Сеславинский отвечает:
– Да, что-то…
– Скоро пройдет. Ну, давайте.
И вспыхивает экран во тьме тон-студии. Пошла фонограмма со всеми записавшимися во время съемки звуками, с моим голосом, со стуками какими-то, свистками, шумом моторов машин… Смотрим. Привыкаем. Примериваемся. Репетирую. Режиссер подсказывает, где ошибка. Еще, еще, еще. Начинается: ззззи-и-и-и-ууу, ззззи-и-и-и-ууу… Ага, вот-вот-вот, началось! Еще! Ну, давайте писать. Давайте. Начали.

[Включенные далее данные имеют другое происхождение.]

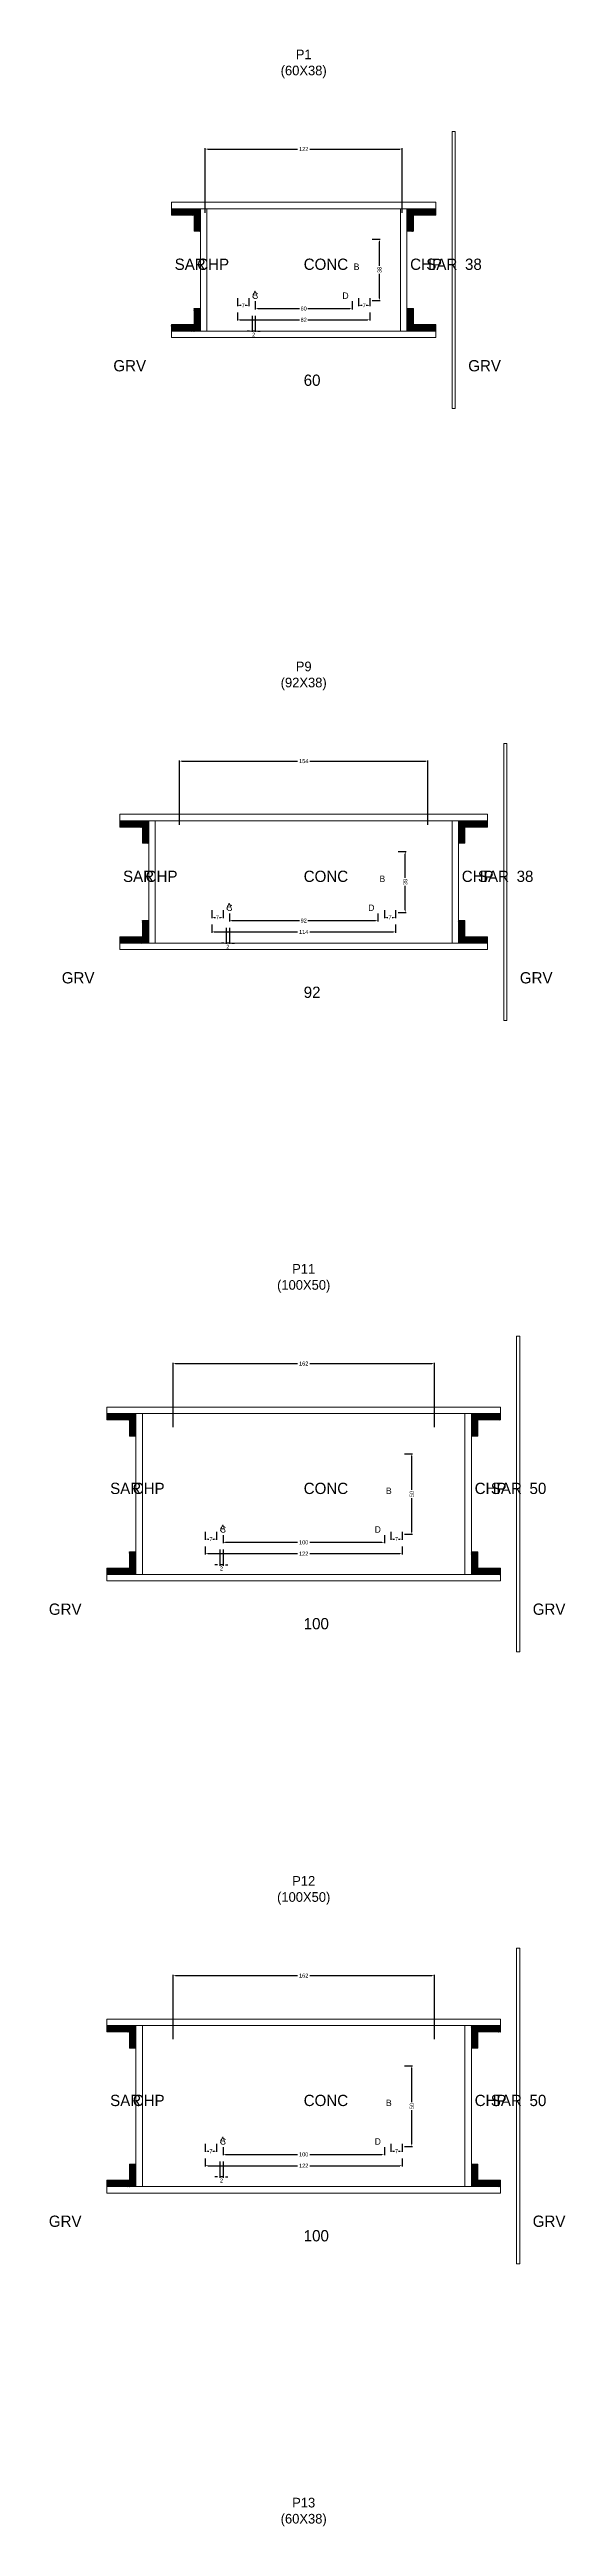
# Model space of a CAD drawing. Header units: centimetres. Extents: x -10500 to 4299, y -12546 to 295.
# Drawn here: x -158 to 162, y -1261 to 277 of the extents above; entities that cross this region are included whole.
import ezdxf

# ---------------------------------------------------------------- set-up
doc = ezdxf.new("R2010")
doc.units = ezdxf.units.CM
for name, color, linetype in [('COTA', 241, 'Continuous'), ('Hachura', 251, 'Continuous'), ('NOMENCLATURA', 7, 'Continuous'), ('SARRAFO', 251, 'Continuous'), ('Texto Seção', 7, 'Continuous')]:
    doc.layers.add(name, color=color, linetype=linetype)
doc.dimstyles.new('cotax2', dxfattribs={"dimtxt": 2.5, "dimasz": 1.5, "dimexe": 0.5, "dimexo": 0.5, "dimgap": 0.5, "dimtad": 1, "dimcen": 2.5, "dimazin": 3, "dimtfac": 1, "dimtmove": 0, "dimatfit": 3})

# ---------------------------------------------------------------- blocks, each defined once
blk = doc.blocks.new('_CLOSEDFILLED')
at = {"color": 0, "linetype": 'BYBLOCK'}
blk.add_solid([(-1, 0.2), (0, 0), (-1, -0.2)], dxfattribs=at)
blk = doc.blocks.new('*D14')
for p, q in [((-41, 113.5), (-41, 108.5)), ((-39.5, 109), (-2.5, 109)), ((2.5, 109), (39.5, 109)), ((41, 113.5), (41, 108.5))]:
    blk.add_line(p, q)
at = {"layer": 'Defpoints'}
for p in [(-41, 114), (-41, 109), (41, 114)]:
    blk.add_point(p, dxfattribs=at)
at = {"layer": 'COTA', "xscale": 1.5, "yscale": 1.5, "rotation": 180}
blk.add_blockref('_CLOSEDFILLED', (-41, 109), dxfattribs=at)
at = {"layer": 'COTA', "xscale": 1.5, "yscale": 1.5}
blk.add_blockref('_CLOSEDFILLED', (41, 109), dxfattribs=at)
at = {"layer": 'COTA', "insert": (0, 109), "char_height": 2.5, "attachment_point": 5}
blk.add_mtext('82', dxfattribs=at)
blk = doc.blocks.new('*D15')
for p, q in [((-30, 120.5), (-30, 115.5)), ((-28.5, 116), (-2.5, 116)), ((2.5, 116), (28.5, 116)), ((30, 120.5), (30, 115.5))]:
    blk.add_line(p, q)
at = {"layer": 'Defpoints'}
for p in [(-30, 121), (-30, 116), (30, 121)]:
    blk.add_point(p, dxfattribs=at)
at = {"layer": 'COTA', "xscale": 1.5, "yscale": 1.5, "rotation": 180}
blk.add_blockref('_CLOSEDFILLED', (-30, 116), dxfattribs=at)
at = {"layer": 'COTA', "xscale": 1.5, "yscale": 1.5}
blk.add_blockref('_CLOSEDFILLED', (30, 116), dxfattribs=at)
at = {"layer": 'COTA', "insert": (0, 116), "char_height": 2.5, "attachment_point": 5}
blk.add_mtext('60', dxfattribs=at)
blk = doc.blocks.new('*D16')
for p, q in [((42.5, 159), (47.5, 159)), ((47, 142.5), (47, 157.5)), ((47, 122.5), (47, 137.5)), ((42.5, 121), (47.5, 121))]:
    blk.add_line(p, q)
at = {"layer": 'Defpoints'}
for p in [(42, 159), (42, 121), (47, 121)]:
    blk.add_point(p, dxfattribs=at)
at = {"layer": 'COTA', "xscale": 1.5, "yscale": 1.5}
for p, rotation in [((47, 159), 90), ((47, 121), 270)]:
    blk.add_blockref('_CLOSEDFILLED', p, dxfattribs=dict(at, rotation=rotation))
at = {"layer": 'COTA', "insert": (47, 140), "char_height": 2.5, "attachment_point": 5, "rotation": 90}
blk.add_mtext('38', dxfattribs=at)
blk = doc.blocks.new('*D17')
for p, q in [((-41, 122.5), (-41, 117.5)), ((-39.5, 118), (-38.75, 118)), ((-36.25, 118), (-35.5, 118)), ((-34, 122.5), (-34, 117.5))]:
    blk.add_line(p, q)
at = {"layer": 'Defpoints'}
for p in [(-41, 123), (-41, 118), (-34, 123)]:
    blk.add_point(p, dxfattribs=at)
at = {"layer": 'COTA', "xscale": 1.5, "yscale": 1.5, "rotation": 180}
blk.add_blockref('_CLOSEDFILLED', (-41, 118), dxfattribs=at)
at = {"layer": 'COTA', "xscale": 1.5, "yscale": 1.5}
blk.add_blockref('_CLOSEDFILLED', (-34, 118), dxfattribs=at)
at = {"layer": 'COTA', "insert": (-37.5, 118), "char_height": 2.5, "attachment_point": 5}
blk.add_mtext('7', dxfattribs=at)
blk = doc.blocks.new('*D18')
for p, q in [((34, 122.5), (34, 117.5)), ((35.5, 118), (36.25, 118)), ((38.75, 118), (39.5, 118)), ((41, 122.5), (41, 117.5))]:
    blk.add_line(p, q)
at = {"layer": 'Defpoints'}
for p in [(34, 123), (34, 118), (41, 123)]:
    blk.add_point(p, dxfattribs=at)
at = {"layer": 'COTA', "xscale": 1.5, "yscale": 1.5, "rotation": 180}
blk.add_blockref('_CLOSEDFILLED', (34, 118), dxfattribs=at)
at = {"layer": 'COTA', "xscale": 1.5, "yscale": 1.5}
blk.add_blockref('_CLOSEDFILLED', (41, 118), dxfattribs=at)
at = {"layer": 'COTA', "insert": (37.5, 118), "char_height": 2.5, "attachment_point": 5}
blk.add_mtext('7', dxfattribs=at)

– Стоп, стоп. Оденьте наушники, так быстрее ритм уляжется!
– Начали!
– Я бы хотел бы…
– Стоп! Еще раз! Олежек, кроме горя, там и радость, не забывай. И «я бы – х – отел бы…», понимаешь? «Я бы – х – отел бы»! Понял? После «бы» пауза, маленькая пауза, а потом «х» и уже потом «отел бы»… Понял?
– Да, давайте!
– Начали!
– Я бы – х – отел…
– Стоп, искусственно! Еще раз!
И понеслось, понеслось. Ззззи-и-и-и-ууу, ззззи-и-и-и-ууу… Смотрю на Сеславинского. Стоит, бедный, в майке, губы шевелятся. Глаза испуганные. Прошел час, два… Я бы – х – отел бы… Стоп! Пот градом.
И вот наконец получилось. Получилось! И синхронно, и по состоянию, и естественно! Слава тебе господи! В фильме этот эпизод займет секунд десять-пятнадцать, не более. Смотрю на часы: половина седьмого, начали в половине пятого, два часа писали. Сеславинский, бедный, сидит у стенки. Подышали, посидели.
– Ну, перерыв окончен. Пишем!
– Я, пожалуй, пойду. (Это Сеславинский робко.)
– Нет, Михаил Вадимович! Нет, у нас смена до двенадцати! Пишем!
– Но ведь вы знаете, Олег Валерианович, с десяти у нас заседание.
– Да, у нас завтра с десяти. И я, как председатель подкомиссии по театру и кино, не отпускаю вас! Пишем!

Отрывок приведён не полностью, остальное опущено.